(Stored data entries)

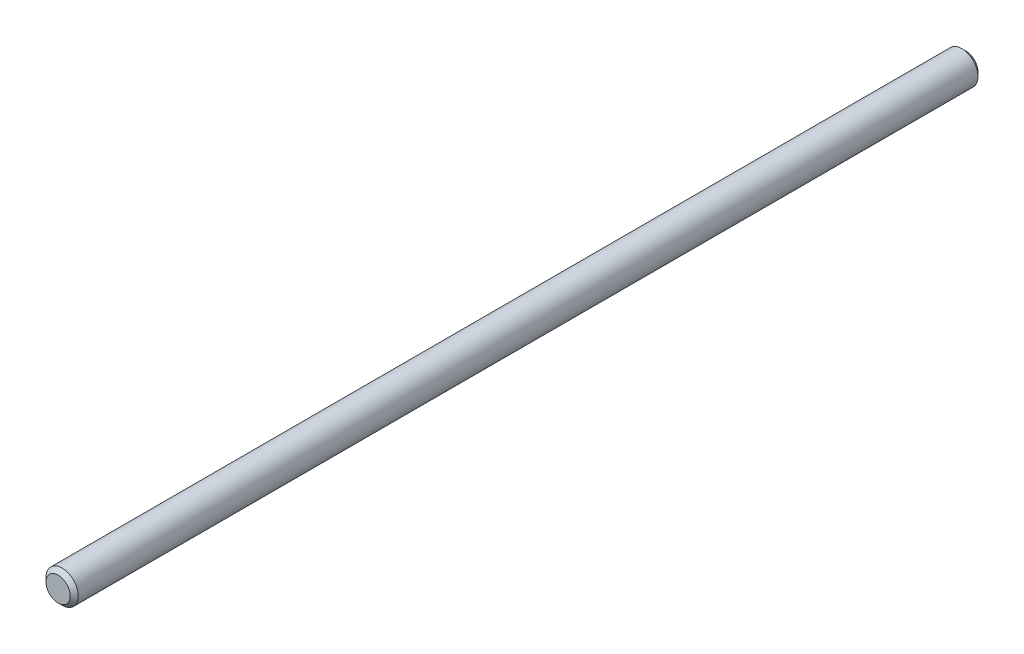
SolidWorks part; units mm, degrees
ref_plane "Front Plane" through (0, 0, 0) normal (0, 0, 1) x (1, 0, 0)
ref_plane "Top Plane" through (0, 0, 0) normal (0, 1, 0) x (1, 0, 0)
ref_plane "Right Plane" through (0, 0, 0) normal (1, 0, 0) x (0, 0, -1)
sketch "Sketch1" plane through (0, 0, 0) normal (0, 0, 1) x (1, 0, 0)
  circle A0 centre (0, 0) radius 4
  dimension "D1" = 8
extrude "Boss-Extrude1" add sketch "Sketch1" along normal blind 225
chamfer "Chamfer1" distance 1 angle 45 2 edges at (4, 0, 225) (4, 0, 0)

• **ASSIGNMENT**
Exactly as written above, print every line of the data but not its pictures.

• **RESPONSE BELOW**
SolidWorks part; units mm, degrees
ref_plane "Front Plane" through (0, 0, 0) normal (0, 0, 1) x (1, 0, 0)
ref_plane "Top Plane" through (0, 0, 0) normal (0, 1, 0) x (1, 0, 0)
ref_plane "Right Plane" through (0, 0, 0) normal (1, 0, 0) x (0, 0, -1)
sketch "Sketch1" plane through (0, 0, 0) normal (0, 0, 1) x (1, 0, 0)
  circle A0 centre (0, 0) radius 4
  dimension "D1" = 8
extrude "Boss-Extrude1" add sketch "Sketch1" along normal blind 225
chamfer "Chamfer1" distance 1 angle 45 2 edges at (4, 0, 225) (4, 0, 0)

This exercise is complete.